→ Exercise directions: Output the lines of the records exactly, from the first through the one containing "#7=PRODUCT_DEFINITION_CONTEXT('part definition',#1,'design');". Omit all pictures.

→ Stored data:

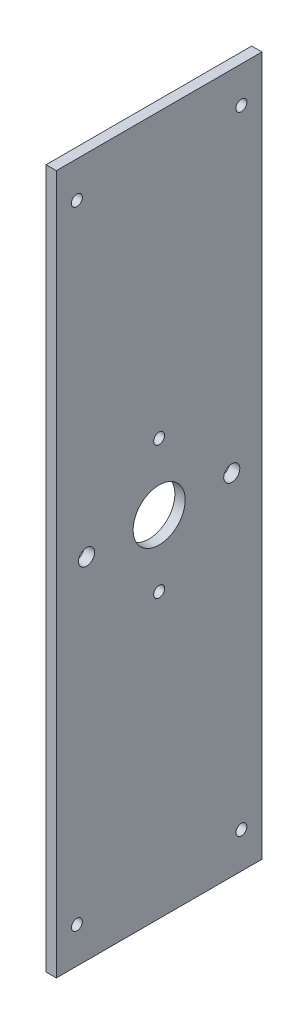
ISO-10303-21;
HEADER;
FILE_DESCRIPTION(('STEP AP214'),'2;1');
FILE_NAME('part.step','',(''),(''),'','','');
FILE_SCHEMA(('AUTOMOTIVE_DESIGN { 1 0 10303 214 1 1 1 1 }'));
ENDSEC;
DATA;
#1=APPLICATION_CONTEXT('core data for automotive mechanical design processes');
#2=APPLICATION_PROTOCOL_DEFINITION('international standard','automotive_design',2000,#1);
#3=PRODUCT_CONTEXT('',#1,'mechanical');
#4=PRODUCT('Part','Part','',(#3));
#5=PRODUCT_RELATED_PRODUCT_CATEGORY('part','',(#4));
#6=PRODUCT_DEFINITION_FORMATION('','',#4);
#7=PRODUCT_DEFINITION_CONTEXT('part definition',#1,'design');
#8=PRODUCT_DEFINITION('design','',#6,#7);
#9=PRODUCT_DEFINITION_SHAPE('','',#8);
#10=(LENGTH_UNIT() NAMED_UNIT(*) SI_UNIT(.MILLI.,.METRE.));
#11=(NAMED_UNIT(*) PLANE_ANGLE_UNIT() SI_UNIT($,.RADIAN.));
#12=(NAMED_UNIT(*) SI_UNIT($,.STERADIAN.) SOLID_ANGLE_UNIT());
#13=UNCERTAINTY_MEASURE_WITH_UNIT(LENGTH_MEASURE(1.E-05),#10,'distance_accuracy_value','');
#14=(GEOMETRIC_REPRESENTATION_CONTEXT(3) GLOBAL_UNCERTAINTY_ASSIGNED_CONTEXT((#13)) GLOBAL_UNIT_ASSIGNED_CONTEXT((#10,
#11,#12)) REPRESENTATION_CONTEXT('',''));
#15=CARTESIAN_POINT('',(0.,0.,0.));
#16=DIRECTION('',(0.,0.,1.));
#17=DIRECTION('',(1.,0.,0.));
#18=AXIS2_PLACEMENT_3D('',#15,#16,#17);
#19=CARTESIAN_POINT('',(-165.1,215.9,2082.8));
#20=DIRECTION('',(-1.,0.,0.));
#21=DIRECTION('',(0.,0.,1.));
#22=AXIS2_PLACEMENT_3D('',#19,#20,#21);
#23=PLANE('',#22);
#24=CARTESIAN_POINT('',(-165.1,0.,1666.4813));
#25=DIRECTION('',(-1.,0.,0.));
#26=DIRECTION('',(0.,0.,1.));
#27=AXIS2_PLACEMENT_3D('',#24,#25,#26);
#28=CIRCLE('',#27,4.96570000000007);
#29=CARTESIAN_POINT('',(-165.1,0.,1671.447));
#30=VERTEX_POINT('',#29);
#31=EDGE_CURVE('E17',#30,#30,#28,.F.);
#32=ORIENTED_EDGE('',*,*,#31,.T.);
#33=EDGE_LOOP('',(#32));
#34=FACE_BOUND('',#33,.T.);
#35=CARTESIAN_POINT('',(-165.1,0.,1756.1687));
#36=DIRECTION('',(-1.,0.,0.));
#37=DIRECTION('',(0.,0.,1.));
#38=AXIS2_PLACEMENT_3D('',#35,#36,#37);
#39=CIRCLE('',#38,4.96570000000007);
#40=CARTESIAN_POINT('',(-165.1,0.,1761.1344));
#41=VERTEX_POINT('',#40);
#42=EDGE_CURVE('E151',#41,#41,#39,.F.);
#43=ORIENTED_EDGE('',*,*,#42,.T.);
#44=EDGE_LOOP('',(#43));
#45=FACE_BOUND('',#44,.T.);
#46=CARTESIAN_POINT('',(-165.1,193.675,1660.525));
#47=DIRECTION('',(-1.,0.,0.));
#48=DIRECTION('',(0.,0.,1.));
#49=AXIS2_PLACEMENT_3D('',#46,#47,#48);
#50=CIRCLE('',#49,3.3782);
#51=CARTESIAN_POINT('',(-165.1,193.675,1663.9032));
#52=VERTEX_POINT('',#51);
#53=EDGE_CURVE('E147',#52,#52,#50,.F.);
#54=ORIENTED_EDGE('',*,*,#53,.T.);
#55=EDGE_LOOP('',(#54));
#56=FACE_BOUND('',#55,.T.);
#57=CARTESIAN_POINT('',(-165.1,193.675,1762.125));
#58=DIRECTION('',(-1.,0.,0.));
#59=DIRECTION('',(0.,0.,1.));
#60=AXIS2_PLACEMENT_3D('',#57,#58,#59);
#61=CIRCLE('',#60,3.3782);
#62=CARTESIAN_POINT('',(-165.1,193.675,1765.5032));
#63=VERTEX_POINT('',#62);
#64=EDGE_CURVE('E142',#63,#63,#61,.F.);
#65=ORIENTED_EDGE('',*,*,#64,.T.);
#66=EDGE_LOOP('',(#65));
#67=FACE_BOUND('',#66,.T.);
#68=CARTESIAN_POINT('',(-165.1,-193.675,1660.525));
#69=DIRECTION('',(-1.,0.,0.));
#70=DIRECTION('',(0.,0.,1.));
#71=AXIS2_PLACEMENT_3D('',#68,#69,#70);
#72=CIRCLE('',#71,3.3782);
#73=CARTESIAN_POINT('',(-165.1,-193.675,1663.9032));
#74=VERTEX_POINT('',#73);
#75=EDGE_CURVE('E137',#74,#74,#72,.F.);
#76=ORIENTED_EDGE('',*,*,#75,.T.);
#77=EDGE_LOOP('',(#76));
#78=FACE_BOUND('',#77,.T.);
#79=CARTESIAN_POINT('',(-165.1,-193.675,1762.125));
#80=DIRECTION('',(-1.,0.,0.));
#81=DIRECTION('',(0.,0.,1.));
#82=AXIS2_PLACEMENT_3D('',#79,#80,#81);
#83=CIRCLE('',#82,3.3782);
#84=CARTESIAN_POINT('',(-165.1,-193.675,1765.5032));
#85=VERTEX_POINT('',#84);
#86=EDGE_CURVE('E132',#85,#85,#83,.F.);
#87=ORIENTED_EDGE('',*,*,#86,.T.);
#88=EDGE_LOOP('',(#87));
#89=FACE_BOUND('',#88,.T.);
#90=CARTESIAN_POINT('',(-165.1,41.021,1711.325));
#91=DIRECTION('',(-1.,0.,0.));
#92=DIRECTION('',(0.,0.,1.));
#93=AXIS2_PLACEMENT_3D('',#90,#91,#92);
#94=CIRCLE('',#93,3.36549999999991);
#95=CARTESIAN_POINT('',(-165.1,41.021,1714.6905));
#96=VERTEX_POINT('',#95);
#97=EDGE_CURVE('E127',#96,#96,#94,.F.);
#98=ORIENTED_EDGE('',*,*,#97,.T.);
#99=EDGE_LOOP('',(#98));
#100=FACE_BOUND('',#99,.T.);
#101=CARTESIAN_POINT('',(-165.1,-41.021,1711.325));
#102=DIRECTION('',(-1.,0.,0.));
#103=DIRECTION('',(0.,0.,1.));
#104=AXIS2_PLACEMENT_3D('',#101,#102,#103);
#105=CIRCLE('',#104,3.36549999999991);
#106=CARTESIAN_POINT('',(-165.1,-41.021,1714.6905));
#107=VERTEX_POINT('',#106);
#108=EDGE_CURVE('E122',#107,#107,#105,.F.);
#109=ORIENTED_EDGE('',*,*,#108,.T.);
#110=EDGE_LOOP('',(#109));
#111=FACE_BOUND('',#110,.T.);
#112=CARTESIAN_POINT('',(-165.1,0.,1711.325));
#113=DIRECTION('',(-1.,0.,0.));
#114=DIRECTION('',(0.,0.,1.));
#115=AXIS2_PLACEMENT_3D('',#112,#113,#114);
#116=CIRCLE('',#115,16.0655);
#117=CARTESIAN_POINT('',(-165.1,0.,1727.3905));
#118=VERTEX_POINT('',#117);
#119=EDGE_CURVE('E108',#118,#118,#116,.F.);
#120=ORIENTED_EDGE('',*,*,#119,.T.);
#121=EDGE_LOOP('',(#120));
#122=FACE_BOUND('',#121,.T.);
#123=DIRECTION('',(0.,0.,-1.));
#124=VECTOR('',#123,1.);
#125=CARTESIAN_POINT('',(-165.1,-215.9,2082.8));
#126=LINE('',#125,#124);
#127=CARTESIAN_POINT('',(-165.1,-215.9,1774.825));
#128=VERTEX_POINT('',#127);
#129=CARTESIAN_POINT('',(-165.1,-215.9,1647.825));
#130=VERTEX_POINT('',#129);
#131=EDGE_CURVE('E103',#128,#130,#126,.T.);
#132=ORIENTED_EDGE('',*,*,#131,.F.);
#133=DIRECTION('',(0.,-1.,0.));
#134=VECTOR('',#133,1.);
#135=CARTESIAN_POINT('',(-165.1,215.9,1774.825));
#136=LINE('',#135,#134);
#137=CARTESIAN_POINT('',(-165.1,215.9,1774.825));
#138=VERTEX_POINT('',#137);
#139=EDGE_CURVE('E38',#138,#128,#136,.T.);
#140=ORIENTED_EDGE('',*,*,#139,.F.);
#141=DIRECTION('',(0.,0.,-1.));
#142=VECTOR('',#141,1.);
#143=CARTESIAN_POINT('',(-165.1,215.9,2082.8));
#144=LINE('',#143,#142);
#145=CARTESIAN_POINT('',(-165.1,215.9,1647.825));
#146=VERTEX_POINT('',#145);
#147=EDGE_CURVE('E90',#138,#146,#144,.T.);
#148=ORIENTED_EDGE('',*,*,#147,.T.);
#149=DIRECTION('',(0.,-1.,0.));
#150=VECTOR('',#149,1.);
#151=CARTESIAN_POINT('',(-165.1,215.9,1647.825));
#152=LINE('',#151,#150);
#153=EDGE_CURVE('E9',#146,#130,#152,.T.);
#154=ORIENTED_EDGE('',*,*,#153,.T.);
#155=EDGE_LOOP('',(#132,#140,#148,#154));
#156=FACE_BOUND('',#155,.T.);
#157=ADVANCED_FACE('F14',(#34,#45,#56,#67,#78,#89,#100,#111,#122,#156),#23,.T.);
#158=CARTESIAN_POINT('',(-161.657917049904,215.9,1647.825));
#159=DIRECTION('',(0.,0.,-1.));
#160=DIRECTION('',(-1.,0.,0.));
#161=AXIS2_PLACEMENT_3D('',#158,#159,#160);
#162=PLANE('',#161);
#163=DIRECTION('',(1.,0.,0.));
#164=VECTOR('',#163,1.);
#165=CARTESIAN_POINT('',(-161.657917049904,-215.9,1647.825));
#166=LINE('',#165,#164);
#167=CARTESIAN_POINT('',(-158.75,-215.9,1647.825));
#168=VERTEX_POINT('',#167);
#169=EDGE_CURVE('E107',#130,#168,#166,.T.);
#170=ORIENTED_EDGE('',*,*,#169,.F.);
#171=ORIENTED_EDGE('',*,*,#153,.F.);
#172=DIRECTION('',(1.,0.,0.));
#173=VECTOR('',#172,1.);
#174=CARTESIAN_POINT('',(-161.657917049904,215.9,1647.825));
#175=LINE('',#174,#173);
#176=CARTESIAN_POINT('',(-158.75,215.9,1647.825));
#177=VERTEX_POINT('',#176);
#178=EDGE_CURVE('E85',#146,#177,#175,.T.);
#179=ORIENTED_EDGE('',*,*,#178,.T.);
#180=DIRECTION('',(0.,-1.,0.));
#181=VECTOR('',#180,1.);
#182=CARTESIAN_POINT('',(-158.75,215.9,1647.825));
#183=LINE('',#182,#181);
#184=EDGE_CURVE('E24',#177,#168,#183,.T.);
#185=ORIENTED_EDGE('',*,*,#184,.T.);
#186=EDGE_LOOP('',(#170,#171,#179,#185));
#187=FACE_BOUND('',#186,.T.);
#188=ADVANCED_FACE('F86',(#187),#162,.T.);
#189=CARTESIAN_POINT('',(-158.75,215.9,1176.90814380646));
#190=DIRECTION('',(-1.,0.,0.));
#191=DIRECTION('',(0.,0.,1.));
#192=AXIS2_PLACEMENT_3D('',#189,#190,#191);
#193=PLANE('',#192);
#194=CARTESIAN_POINT('',(-158.75,0.,1666.4813));
#195=DIRECTION('',(1.,0.,0.));
#196=DIRECTION('',(0.,0.,-1.));
#197=AXIS2_PLACEMENT_3D('',#194,#195,#196);
#198=CIRCLE('',#197,4.96570000000007);
#199=CARTESIAN_POINT('',(-158.75,0.,1661.5156));
#200=VERTEX_POINT('',#199);
#201=EDGE_CURVE('E171',#200,#200,#198,.T.);
#202=ORIENTED_EDGE('',*,*,#201,.F.);
#203=EDGE_LOOP('',(#202));
#204=FACE_BOUND('',#203,.T.);
#205=CARTESIAN_POINT('',(-158.75,0.,1756.1687));
#206=DIRECTION('',(1.,0.,0.));
#207=DIRECTION('',(0.,0.,-1.));
#208=AXIS2_PLACEMENT_3D('',#205,#206,#207);
#209=CIRCLE('',#208,4.96570000000007);
#210=CARTESIAN_POINT('',(-158.75,0.,1751.203));
#211=VERTEX_POINT('',#210);
#212=EDGE_CURVE('E154',#211,#211,#209,.T.);
#213=ORIENTED_EDGE('',*,*,#212,.F.);
#214=EDGE_LOOP('',(#213));
#215=FACE_BOUND('',#214,.T.);
#216=CARTESIAN_POINT('',(-158.75,193.675,1660.525));
#217=DIRECTION('',(1.,0.,0.));
#218=DIRECTION('',(0.,0.,-1.));
#219=AXIS2_PLACEMENT_3D('',#216,#217,#218);
#220=CIRCLE('',#219,3.3782);
#221=CARTESIAN_POINT('',(-158.75,193.675,1657.1468));
#222=VERTEX_POINT('',#221);
#223=EDGE_CURVE('E150',#222,#222,#220,.T.);
#224=ORIENTED_EDGE('',*,*,#223,.F.);
#225=EDGE_LOOP('',(#224));
#226=FACE_BOUND('',#225,.T.);
#227=CARTESIAN_POINT('',(-158.75,193.675,1762.125));
#228=DIRECTION('',(1.,0.,0.));
#229=DIRECTION('',(0.,0.,-1.));
#230=AXIS2_PLACEMENT_3D('',#227,#228,#229);
#231=CIRCLE('',#230,3.3782);
#232=CARTESIAN_POINT('',(-158.75,193.675,1758.7468));
#233=VERTEX_POINT('',#232);
#234=EDGE_CURVE('E146',#233,#233,#231,.T.);
#235=ORIENTED_EDGE('',*,*,#234,.F.);
#236=EDGE_LOOP('',(#235));
#237=FACE_BOUND('',#236,.T.);
#238=CARTESIAN_POINT('',(-158.75,-193.675,1660.525));
#239=DIRECTION('',(1.,0.,0.));
#240=DIRECTION('',(0.,0.,-1.));
#241=AXIS2_PLACEMENT_3D('',#238,#239,#240);
#242=CIRCLE('',#241,3.3782);
#243=CARTESIAN_POINT('',(-158.75,-193.675,1657.1468));
#244=VERTEX_POINT('',#243);
#245=EDGE_CURVE('E141',#244,#244,#242,.T.);
#246=ORIENTED_EDGE('',*,*,#245,.F.);
#247=EDGE_LOOP('',(#246));
#248=FACE_BOUND('',#247,.T.);
#249=CARTESIAN_POINT('',(-158.75,-193.675,1762.125));
#250=DIRECTION('',(1.,0.,0.));
#251=DIRECTION('',(0.,0.,-1.));
#252=AXIS2_PLACEMENT_3D('',#249,#250,#251);
#253=CIRCLE('',#252,3.3782);
#254=CARTESIAN_POINT('',(-158.75,-193.675,1758.7468));
#255=VERTEX_POINT('',#254);
#256=EDGE_CURVE('E136',#255,#255,#253,.T.);
#257=ORIENTED_EDGE('',*,*,#256,.F.);
#258=EDGE_LOOP('',(#257));
#259=FACE_BOUND('',#258,.T.);
#260=CARTESIAN_POINT('',(-158.75,41.021,1711.325));
#261=DIRECTION('',(1.,0.,0.));
#262=DIRECTION('',(0.,0.,-1.));
#263=AXIS2_PLACEMENT_3D('',#260,#261,#262);
#264=CIRCLE('',#263,3.36549999999991);
#265=CARTESIAN_POINT('',(-158.75,41.021,1707.9595));
#266=VERTEX_POINT('',#265);
#267=EDGE_CURVE('E131',#266,#266,#264,.T.);
#268=ORIENTED_EDGE('',*,*,#267,.F.);
#269=EDGE_LOOP('',(#268));
#270=FACE_BOUND('',#269,.T.);
#271=CARTESIAN_POINT('',(-158.75,-41.021,1711.325));
#272=DIRECTION('',(1.,0.,0.));
#273=DIRECTION('',(0.,0.,-1.));
#274=AXIS2_PLACEMENT_3D('',#271,#272,#273);
#275=CIRCLE('',#274,3.36549999999991);
#276=CARTESIAN_POINT('',(-158.75,-41.021,1707.9595));
#277=VERTEX_POINT('',#276);
#278=EDGE_CURVE('E126',#277,#277,#275,.T.);
#279=ORIENTED_EDGE('',*,*,#278,.F.);
#280=EDGE_LOOP('',(#279));
#281=FACE_BOUND('',#280,.T.);
#282=CARTESIAN_POINT('',(-158.75,0.,1711.325));
#283=DIRECTION('',(1.,0.,0.));
#284=DIRECTION('',(0.,0.,-1.));
#285=AXIS2_PLACEMENT_3D('',#282,#283,#284);
#286=CIRCLE('',#285,16.0655);
#287=CARTESIAN_POINT('',(-158.75,0.,1695.2595));
#288=VERTEX_POINT('',#287);
#289=EDGE_CURVE('E121',#288,#288,#286,.T.);
#290=ORIENTED_EDGE('',*,*,#289,.F.);
#291=EDGE_LOOP('',(#290));
#292=FACE_BOUND('',#291,.T.);
#293=DIRECTION('',(0.,0.,-1.));
#294=VECTOR('',#293,1.);
#295=CARTESIAN_POINT('',(-158.75,-215.9,1176.90814380646));
#296=LINE('',#295,#294);
#297=CARTESIAN_POINT('',(-158.75,-215.9,1774.825));
#298=VERTEX_POINT('',#297);
#299=EDGE_CURVE('E81',#298,#168,#296,.T.);
#300=ORIENTED_EDGE('',*,*,#299,.T.);
#301=ORIENTED_EDGE('',*,*,#184,.F.);
#302=DIRECTION('',(0.,0.,-1.));
#303=VECTOR('',#302,1.);
#304=CARTESIAN_POINT('',(-158.75,215.9,1176.90814380646));
#305=LINE('',#304,#303);
#306=CARTESIAN_POINT('',(-158.75,215.9,1774.825));
#307=VERTEX_POINT('',#306);
#308=EDGE_CURVE('E78',#307,#177,#305,.T.);
#309=ORIENTED_EDGE('',*,*,#308,.F.);
#310=DIRECTION('',(0.,-1.,0.));
#311=VECTOR('',#310,1.);
#312=CARTESIAN_POINT('',(-158.75,215.9,1774.825));
#313=LINE('',#312,#311);
#314=EDGE_CURVE('E58',#307,#298,#313,.T.);
#315=ORIENTED_EDGE('',*,*,#314,.T.);
#316=EDGE_LOOP('',(#300,#301,#309,#315));
#317=FACE_BOUND('',#316,.T.);
#318=ADVANCED_FACE('F76',(#204,#215,#226,#237,#248,#259,#270,#281,#292,#317),#193,.F.);
#319=CARTESIAN_POINT('',(-161.657917049904,215.9,1774.825));
#320=DIRECTION('',(0.,0.,-1.));
#321=DIRECTION('',(-1.,0.,0.));
#322=AXIS2_PLACEMENT_3D('',#319,#320,#321);
#323=PLANE('',#322);
#324=DIRECTION('',(1.,0.,0.));
#325=VECTOR('',#324,1.);
#326=CARTESIAN_POINT('',(-161.657917049904,-215.9,1774.825));
#327=LINE('',#326,#325);
#328=EDGE_CURVE('E112',#128,#298,#327,.T.);
#329=ORIENTED_EDGE('',*,*,#328,.T.);
#330=ORIENTED_EDGE('',*,*,#314,.F.);
#331=DIRECTION('',(1.,0.,0.));
#332=VECTOR('',#331,1.);
#333=CARTESIAN_POINT('',(-161.657917049904,215.9,1774.825));
#334=LINE('',#333,#332);
#335=EDGE_CURVE('E93',#138,#307,#334,.T.);
#336=ORIENTED_EDGE('',*,*,#335,.F.);
#337=ORIENTED_EDGE('',*,*,#139,.T.);
#338=EDGE_LOOP('',(#329,#330,#336,#337));
#339=FACE_BOUND('',#338,.T.);
#340=ADVANCED_FACE('F195',(#339),#323,.F.);
#341=CARTESIAN_POINT('',(-187.325,215.9,1041.4));
#342=DIRECTION('',(0.,-1.,0.));
#343=DIRECTION('',(1.,0.,0.));
#344=AXIS2_PLACEMENT_3D('',#341,#342,#343);
#345=PLANE('',#344);
#346=ORIENTED_EDGE('',*,*,#147,.F.);
#347=ORIENTED_EDGE('',*,*,#335,.T.);
#348=ORIENTED_EDGE('',*,*,#308,.T.);
#349=ORIENTED_EDGE('',*,*,#178,.F.);
#350=EDGE_LOOP('',(#346,#347,#348,#349));
#351=FACE_BOUND('',#350,.T.);
#352=ADVANCED_FACE('F92',(#351),#345,.F.);
#353=CARTESIAN_POINT('',(-187.325,-215.9,1041.4));
#354=DIRECTION('',(0.,-1.,0.));
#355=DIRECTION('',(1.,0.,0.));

→ Written solution:
ISO-10303-21;
HEADER;
FILE_DESCRIPTION(('STEP AP214'),'2;1');
FILE_NAME('part.step','',(''),(''),'','','');
FILE_SCHEMA(('AUTOMOTIVE_DESIGN { 1 0 10303 214 1 1 1 1 }'));
ENDSEC;
DATA;
#1=APPLICATION_CONTEXT('core data for automotive mechanical design processes');
#2=APPLICATION_PROTOCOL_DEFINITION('international standard','automotive_design',2000,#1);
#3=PRODUCT_CONTEXT('',#1,'mechanical');
#4=PRODUCT('Part','Part','',(#3));
#5=PRODUCT_RELATED_PRODUCT_CATEGORY('part','',(#4));
#6=PRODUCT_DEFINITION_FORMATION('','',#4);
#7=PRODUCT_DEFINITION_CONTEXT('part definition',#1,'design');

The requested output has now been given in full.